■ Items from a data source ■
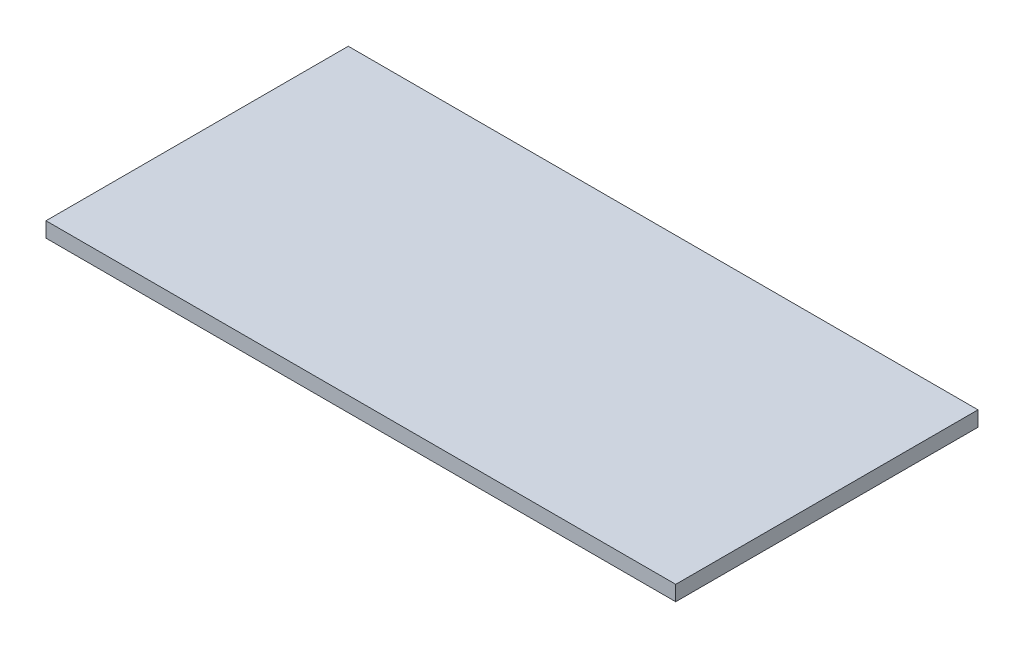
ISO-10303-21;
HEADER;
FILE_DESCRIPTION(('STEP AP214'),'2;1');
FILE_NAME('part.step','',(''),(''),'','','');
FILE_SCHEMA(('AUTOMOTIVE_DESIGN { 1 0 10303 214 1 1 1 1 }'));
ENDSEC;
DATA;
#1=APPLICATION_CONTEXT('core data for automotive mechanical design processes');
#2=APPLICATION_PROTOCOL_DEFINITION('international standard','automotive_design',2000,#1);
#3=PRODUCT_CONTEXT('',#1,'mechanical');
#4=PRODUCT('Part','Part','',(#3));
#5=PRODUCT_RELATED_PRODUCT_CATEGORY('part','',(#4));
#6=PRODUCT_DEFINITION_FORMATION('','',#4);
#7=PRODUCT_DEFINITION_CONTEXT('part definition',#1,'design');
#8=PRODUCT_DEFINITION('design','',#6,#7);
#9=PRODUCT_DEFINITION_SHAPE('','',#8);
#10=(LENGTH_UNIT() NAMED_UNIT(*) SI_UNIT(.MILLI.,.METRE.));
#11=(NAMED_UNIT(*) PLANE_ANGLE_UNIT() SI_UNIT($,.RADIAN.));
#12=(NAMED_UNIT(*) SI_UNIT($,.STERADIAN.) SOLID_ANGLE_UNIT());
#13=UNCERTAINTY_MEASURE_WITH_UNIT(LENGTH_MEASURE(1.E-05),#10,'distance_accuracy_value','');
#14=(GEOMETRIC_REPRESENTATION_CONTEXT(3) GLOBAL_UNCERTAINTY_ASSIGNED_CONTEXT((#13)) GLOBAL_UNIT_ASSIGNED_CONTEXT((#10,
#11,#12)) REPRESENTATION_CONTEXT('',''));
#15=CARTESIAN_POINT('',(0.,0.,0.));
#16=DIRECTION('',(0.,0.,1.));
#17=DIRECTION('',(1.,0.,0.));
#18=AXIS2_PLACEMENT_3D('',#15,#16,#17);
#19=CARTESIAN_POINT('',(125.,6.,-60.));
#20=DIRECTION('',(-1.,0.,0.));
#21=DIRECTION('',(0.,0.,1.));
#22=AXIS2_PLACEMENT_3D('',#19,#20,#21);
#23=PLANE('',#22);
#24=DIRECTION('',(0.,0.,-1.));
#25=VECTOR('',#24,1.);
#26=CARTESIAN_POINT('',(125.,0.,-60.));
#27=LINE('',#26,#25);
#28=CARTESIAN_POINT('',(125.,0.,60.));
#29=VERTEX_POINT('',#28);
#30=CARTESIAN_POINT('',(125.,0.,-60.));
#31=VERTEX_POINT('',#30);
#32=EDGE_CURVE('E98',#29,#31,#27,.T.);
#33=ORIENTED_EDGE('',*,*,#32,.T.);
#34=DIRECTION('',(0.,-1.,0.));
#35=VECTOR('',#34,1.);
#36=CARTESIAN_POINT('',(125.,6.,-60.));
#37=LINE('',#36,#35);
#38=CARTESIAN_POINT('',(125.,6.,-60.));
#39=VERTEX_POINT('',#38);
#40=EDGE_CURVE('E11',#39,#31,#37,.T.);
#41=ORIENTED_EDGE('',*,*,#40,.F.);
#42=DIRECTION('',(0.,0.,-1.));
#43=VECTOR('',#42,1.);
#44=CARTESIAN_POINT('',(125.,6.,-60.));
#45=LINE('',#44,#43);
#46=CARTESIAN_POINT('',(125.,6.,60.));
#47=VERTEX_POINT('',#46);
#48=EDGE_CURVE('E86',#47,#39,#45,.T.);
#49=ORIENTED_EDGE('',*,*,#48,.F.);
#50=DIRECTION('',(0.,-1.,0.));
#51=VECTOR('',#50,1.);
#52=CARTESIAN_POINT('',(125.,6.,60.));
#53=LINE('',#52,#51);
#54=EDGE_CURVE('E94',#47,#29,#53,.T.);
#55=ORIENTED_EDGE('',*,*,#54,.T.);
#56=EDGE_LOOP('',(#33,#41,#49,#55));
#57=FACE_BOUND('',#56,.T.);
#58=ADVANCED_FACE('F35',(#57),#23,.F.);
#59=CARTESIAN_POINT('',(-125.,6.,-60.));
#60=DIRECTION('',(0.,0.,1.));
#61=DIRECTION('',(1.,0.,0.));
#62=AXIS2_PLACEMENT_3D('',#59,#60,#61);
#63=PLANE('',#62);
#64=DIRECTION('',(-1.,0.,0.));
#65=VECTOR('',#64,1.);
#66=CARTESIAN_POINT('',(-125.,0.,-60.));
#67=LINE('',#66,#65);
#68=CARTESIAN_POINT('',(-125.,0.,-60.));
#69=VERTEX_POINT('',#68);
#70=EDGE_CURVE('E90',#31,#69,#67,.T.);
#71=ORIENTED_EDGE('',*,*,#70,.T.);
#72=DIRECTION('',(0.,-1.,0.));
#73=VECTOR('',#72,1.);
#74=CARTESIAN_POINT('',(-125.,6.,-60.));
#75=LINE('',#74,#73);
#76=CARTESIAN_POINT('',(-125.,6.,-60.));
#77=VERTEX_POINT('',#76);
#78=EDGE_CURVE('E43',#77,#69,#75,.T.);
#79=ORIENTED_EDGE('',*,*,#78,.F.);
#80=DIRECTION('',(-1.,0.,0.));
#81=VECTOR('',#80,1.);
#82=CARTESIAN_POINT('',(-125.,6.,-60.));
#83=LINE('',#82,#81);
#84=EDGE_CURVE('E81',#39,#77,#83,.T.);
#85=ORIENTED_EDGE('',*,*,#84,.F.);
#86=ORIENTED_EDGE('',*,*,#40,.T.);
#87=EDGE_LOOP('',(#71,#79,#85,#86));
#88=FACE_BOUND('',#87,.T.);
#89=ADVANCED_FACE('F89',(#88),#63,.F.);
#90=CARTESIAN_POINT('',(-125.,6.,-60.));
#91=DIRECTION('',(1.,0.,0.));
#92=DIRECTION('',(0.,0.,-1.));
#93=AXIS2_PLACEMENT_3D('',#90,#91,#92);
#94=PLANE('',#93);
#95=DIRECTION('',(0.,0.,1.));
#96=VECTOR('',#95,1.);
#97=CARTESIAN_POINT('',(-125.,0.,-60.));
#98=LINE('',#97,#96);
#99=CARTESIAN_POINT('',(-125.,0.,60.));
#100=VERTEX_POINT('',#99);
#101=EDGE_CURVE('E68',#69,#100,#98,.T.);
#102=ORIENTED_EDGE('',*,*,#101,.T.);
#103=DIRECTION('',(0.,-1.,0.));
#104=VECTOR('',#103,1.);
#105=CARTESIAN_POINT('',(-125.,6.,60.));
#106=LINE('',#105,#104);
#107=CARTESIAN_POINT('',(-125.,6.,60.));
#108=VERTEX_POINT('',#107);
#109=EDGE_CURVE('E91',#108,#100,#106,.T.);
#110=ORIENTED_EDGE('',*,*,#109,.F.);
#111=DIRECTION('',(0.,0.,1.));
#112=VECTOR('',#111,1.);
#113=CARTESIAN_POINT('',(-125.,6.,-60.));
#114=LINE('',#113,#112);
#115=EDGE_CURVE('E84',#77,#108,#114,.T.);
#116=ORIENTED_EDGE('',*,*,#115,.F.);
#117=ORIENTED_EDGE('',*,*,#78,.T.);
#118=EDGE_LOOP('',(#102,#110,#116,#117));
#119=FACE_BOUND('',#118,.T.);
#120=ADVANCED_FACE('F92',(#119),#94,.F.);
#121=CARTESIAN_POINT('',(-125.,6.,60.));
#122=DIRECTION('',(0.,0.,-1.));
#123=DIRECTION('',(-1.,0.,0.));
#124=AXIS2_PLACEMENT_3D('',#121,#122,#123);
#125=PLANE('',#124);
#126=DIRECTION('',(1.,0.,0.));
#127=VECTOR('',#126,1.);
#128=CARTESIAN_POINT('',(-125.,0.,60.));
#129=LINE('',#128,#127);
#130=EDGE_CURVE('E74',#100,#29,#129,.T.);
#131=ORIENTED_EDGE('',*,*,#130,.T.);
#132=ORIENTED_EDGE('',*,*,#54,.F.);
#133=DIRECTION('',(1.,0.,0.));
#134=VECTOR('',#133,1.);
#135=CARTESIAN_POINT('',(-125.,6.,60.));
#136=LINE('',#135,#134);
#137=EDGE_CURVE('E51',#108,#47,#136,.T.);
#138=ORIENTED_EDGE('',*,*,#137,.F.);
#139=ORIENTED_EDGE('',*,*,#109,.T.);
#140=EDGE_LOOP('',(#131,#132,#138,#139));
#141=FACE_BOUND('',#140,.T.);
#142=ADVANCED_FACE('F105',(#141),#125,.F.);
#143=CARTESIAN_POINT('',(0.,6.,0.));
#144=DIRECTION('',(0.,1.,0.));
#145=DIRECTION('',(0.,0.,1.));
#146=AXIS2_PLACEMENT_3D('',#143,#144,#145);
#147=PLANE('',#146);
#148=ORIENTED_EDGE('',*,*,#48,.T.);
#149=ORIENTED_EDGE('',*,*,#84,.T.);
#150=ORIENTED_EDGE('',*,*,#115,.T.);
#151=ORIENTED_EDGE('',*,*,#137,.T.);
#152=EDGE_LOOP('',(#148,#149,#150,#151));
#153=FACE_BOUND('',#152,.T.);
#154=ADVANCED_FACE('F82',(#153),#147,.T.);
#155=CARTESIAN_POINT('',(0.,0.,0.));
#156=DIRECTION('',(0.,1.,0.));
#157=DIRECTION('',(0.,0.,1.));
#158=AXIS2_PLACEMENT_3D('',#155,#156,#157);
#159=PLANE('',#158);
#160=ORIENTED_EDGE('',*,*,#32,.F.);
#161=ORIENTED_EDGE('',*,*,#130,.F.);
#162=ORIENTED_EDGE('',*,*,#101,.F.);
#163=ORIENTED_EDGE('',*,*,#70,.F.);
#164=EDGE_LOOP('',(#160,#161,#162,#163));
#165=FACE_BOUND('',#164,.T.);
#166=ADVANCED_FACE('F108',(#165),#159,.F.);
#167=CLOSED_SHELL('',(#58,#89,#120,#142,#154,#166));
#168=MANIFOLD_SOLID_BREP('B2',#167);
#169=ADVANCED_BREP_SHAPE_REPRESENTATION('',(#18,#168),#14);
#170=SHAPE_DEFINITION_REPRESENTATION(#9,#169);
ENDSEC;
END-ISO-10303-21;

■ What the task requires ■
Please return only the lines from the top of the data through the line with "#17=DIRECTION('',(1.,0.,0.));", exactly as written, and drop every picture.

■ Output for this exercise ■
ISO-10303-21;
HEADER;
FILE_DESCRIPTION(('STEP AP214'),'2;1');
FILE_NAME('part.step','',(''),(''),'','','');
FILE_SCHEMA(('AUTOMOTIVE_DESIGN { 1 0 10303 214 1 1 1 1 }'));
ENDSEC;
DATA;
#1=APPLICATION_CONTEXT('core data for automotive mechanical design processes');
#2=APPLICATION_PROTOCOL_DEFINITION('international standard','automotive_design',2000,#1);
#3=PRODUCT_CONTEXT('',#1,'mechanical');
#4=PRODUCT('Part','Part','',(#3));
#5=PRODUCT_RELATED_PRODUCT_CATEGORY('part','',(#4));
#6=PRODUCT_DEFINITION_FORMATION('','',#4);
#7=PRODUCT_DEFINITION_CONTEXT('part definition',#1,'design');
#8=PRODUCT_DEFINITION('design','',#6,#7);
#9=PRODUCT_DEFINITION_SHAPE('','',#8);
#10=(LENGTH_UNIT() NAMED_UNIT(*) SI_UNIT(.MILLI.,.METRE.));
#11=(NAMED_UNIT(*) PLANE_ANGLE_UNIT() SI_UNIT($,.RADIAN.));
#12=(NAMED_UNIT(*) SI_UNIT($,.STERADIAN.) SOLID_ANGLE_UNIT());
#13=UNCERTAINTY_MEASURE_WITH_UNIT(LENGTH_MEASURE(1.E-05),#10,'distance_accuracy_value','');
#14=(GEOMETRIC_REPRESENTATION_CONTEXT(3) GLOBAL_UNCERTAINTY_ASSIGNED_CONTEXT((#13)) GLOBAL_UNIT_ASSIGNED_CONTEXT((#10,
#11,#12)) REPRESENTATION_CONTEXT('',''));
#15=CARTESIAN_POINT('',(0.,0.,0.));
#16=DIRECTION('',(0.,0.,1.));
#17=DIRECTION('',(1.,0.,0.));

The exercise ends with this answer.